**Task objective:**
When you find the line with "Line((-16.35, 91.6459900923), (-16.35, 37.7854138524))" among the records below, reproduce it and each line after it exactly, ending with the line with "18.2413151719), (91.6459900923, 16.35))".

Segment Start: Data provided

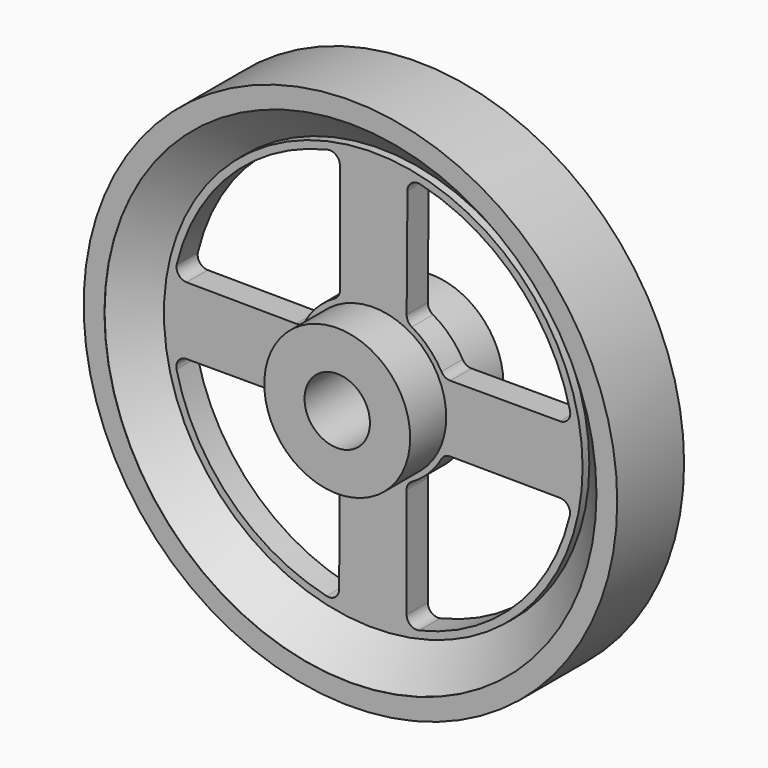
from build123d import *

# Parameters (mm, degrees)
F0_R     = 102.7
F0_R_2   = 35.8
F1_DEPTH = 6.5
F0_R_3   = 16.05
F2_DEPTH = 28.6
F3_R     = 120.7
F3_R_2   = 102.8
F4_DEPTH = 20.5
F3_R_3   = 130.9
F6_DEPTH = 20.5


# Not quite as in the source:
# - a fillet or chamfer that OpenCascade refuses, or shapes differently, is made with other operations: its cross-section is extruded or revolved along the edge and cut away or added


with BuildPart() as f1:
    # F0 (on Front) → F1 (new body, symmetric)
    with BuildSketch(Plane.XZ):
        Circle(F0_R)
        with BuildLine():
            ThreePointArc((-22.9240592059, -96.4121232497), (-70.2337791547, -69.9144210135), (-96.5155963671, -22.4844314559))
            ThreePointArc((-96.5155963671, -22.4844314559), (-95.5621206621, -18.2413151719), (-91.6459900923, -16.35))
            Line((-91.6459900923, -16.35), (-37.7854138524, -16.35))
            ThreePointArc((-37.7854138524, -16.35), (-35.2653332086, -17.031528795), (-33.4322555745, -18.8903225806))
            ThreePointArc((-33.4322555745, -18.8903225806), (-27.1609405883, -27.1448578253), (-18.9101213144, -33.4210609029))
            ThreePointArc((-18.9101213144, -33.4210609029), (-17.0439362056, -35.2698426574), (-16.3725116244, -37.8094941823))
            Line((-16.3725116244, -37.8094941823), (-16.7675816639, -91.5844702575))
            ThreePointArc((-16.7675816639, -91.5844702575), (-18.682125683, -95.4823016351), (-22.9240592059, -96.4121232497))
        make_face(mode=Mode.SUBTRACT)
        Circle(F0_R_2, mode=Mode.SUBTRACT)
        with BuildLine():
            ThreePointArc((16.35, -37.7854138524), (17.031528795, -35.2653332086), (18.8903225806, -33.4322555745))
            ThreePointArc((18.8903225806, -33.4322555745), (27.1448578253, -27.1609405883), (33.4210609029, -18.9101213144))
            ThreePointArc((33.4210609029, -18.9101213144), (35.2698426574, -17.0439362056), (37.8094941823, -16.3725116244))
            Line((37.8094941823, -16.3725116244), (91.5844702575, -16.7675816639))
            ThreePointArc((91.5844702575, -16.7675816639), (95.4823016351, -18.682125683), (96.4121232497, -22.9240592059))
            ThreePointArc((96.4121232497, -22.9240592059), (69.9144210135, -70.2337791547), (22.4844314559, -96.5155963671))
            ThreePointArc((22.4844314559, -96.5155963671), (18.2413151719, -95.5621206621), (16.35, -91.6459900923))
            Line((16.35, -91.6459900923), (16.35, -37.7854138524))
        make_face(mode=Mode.SUBTRACT)
        with BuildLine():
            ThreePointArc((-16.35, 37.7854138524), (-17.031528795, 35.2653332086), (-18.8903225806, 33.4322555745))
            ThreePointArc((-18.8903225806, 33.4322555745), (-27.1448578253, 27.1609405883), (-33.4210609029, 18.9101213144))
            ThreePointArc((-33.4210609029, 18.9101213144), (-35.2698426574, 17.0439362056), (-37.8094941823, 16.3725116244))
            Line((-37.8094941823, 16.3725116244), (-91.5844702575, 16.7675816639))
            ThreePointArc((-91.5844702575, 16.7675816639), (-95.4823016351, 18.682125683), (-96.4121232497, 22.9240592059))
            ThreePointArc((-96.4121232497, 22.9240592059), (-69.9144210135, 70.2337791547), (-22.4844314559, 96.5155963671))
            ThreePointArc((-22.4844314559, 96.5155963671), (-18.2413151719, 95.5621206621), (-16.35, 91.6459900923))
            Line((-16.35, 91.6459900923), (-16.35, 37.7854138524))
        make_face(mode=Mode.SUBTRACT)
        with BuildLine():
            ThreePointArc((37.7854138524, 16.35), (35.2653332086, 17.031528795), (33.4322555745, 18.8903225806))
            ThreePointArc((33.4322555745, 18.8903225806), (27.1609405883, 27.1448578253), (18.9101213144, 33.4210609029))
            ThreePointArc((18.9101213144, 33.4210609029), (17.0439362056, 35.2698426574), (16.3725116244, 37.8094941823))
            Line((16.3725116244, 37.8094941823), (16.7675816639, 91.5844702575))
            ThreePointArc((16.7675816639, 91.5844702575), (18.682125683, 95.4823016351), (22.9240592059, 96.4121232497))
            ThreePointArc((22.9240592059, 96.4121232497), (70.2337791547, 69.9144210135), (96.5155963671, 22.4844314559))
            ThreePointArc((96.5155963671, 22.4844314559), (95.5621206621, 18.2413151719), (91.6459900923, 16.35))
            Line((91.6459900923, 16.35), (37.7854138524, 16.35))
        make_face(mode=Mode.SUBTRACT)
    extrude(amount=F1_DEPTH, both=True)

    # F0 (on Front) → F2 (join, symmetric)
    with BuildSketch(Plane.XZ):
        Circle(F0_R_2)
        Circle(F0_R_3, mode=Mode.SUBTRACT)
    extrude(amount=F2_DEPTH, both=True)


with BuildPart() as f4:
    # F3 (on Front) → F4 (new body, symmetric)
    with BuildSketch(Plane.XZ):
        Circle(F3_R)
        Circle(F3_R_2, mode=Mode.SUBTRACT)
    extrude(amount=F4_DEPTH, both=True)

    # F5: chamfer of 18 on 3 edges, made by hand

    # F5_s1 → F5_t2 (revolve, cut)
    with BuildSketch(Plane.XY):
        Polygon((120.8, -20.5), (102.8, -2.5), (102.8, -20.5), align=None)
    revolve(axis=Axis((0, -20.5, 0), (0, -1, 0)), mode=Mode.SUBTRACT)

    # F5_s3 → F5_t4 (revolve, cut)
    with BuildSketch(Plane.XY):
        Polygon((102.8, 2.5), (120.8, 20.5), (102.8, 20.5), align=None)
    revolve(axis=Axis((0, 20.5, 0), (0, -1, 0)), mode=Mode.SUBTRACT)

    # F3 (on Front) → F6 (join, symmetric)
    with BuildSketch(Plane.XZ):
        Circle(F3_R_3)
        Circle(F3_R, mode=Mode.SUBTRACT)
    extrude(amount=F6_DEPTH, both=True)


solid = Compound([f1.part, f4.part])

Segment End: Data provided

**Written answer:**
            Line((-16.35, 91.6459900923), (-16.35, 37.7854138524))
        make_face(mode=Mode.SUBTRACT)
        with BuildLine():
            ThreePointArc((37.7854138524, 16.35), (35.2653332086, 17.031528795), (33.4322555745, 18.8903225806))
            ThreePointArc((33.4322555745, 18.8903225806), (27.1609405883, 27.1448578253), (18.9101213144, 33.4210609029))
            ThreePointArc((18.9101213144, 33.4210609029), (17.0439362056, 35.2698426574), (16.3725116244, 37.8094941823))
            Line((16.3725116244, 37.8094941823), (16.7675816639, 91.5844702575))
            ThreePointArc((16.7675816639, 91.5844702575), (18.682125683, 95.4823016351), (22.9240592059, 96.4121232497))
            ThreePointArc((22.9240592059, 96.4121232497), (70.2337791547, 69.9144210135), (96.5155963671, 22.4844314559))
            ThreePointArc((96.5155963671, 22.4844314559), (95.5621206621, 18.2413151719), (91.6459900923, 16.35))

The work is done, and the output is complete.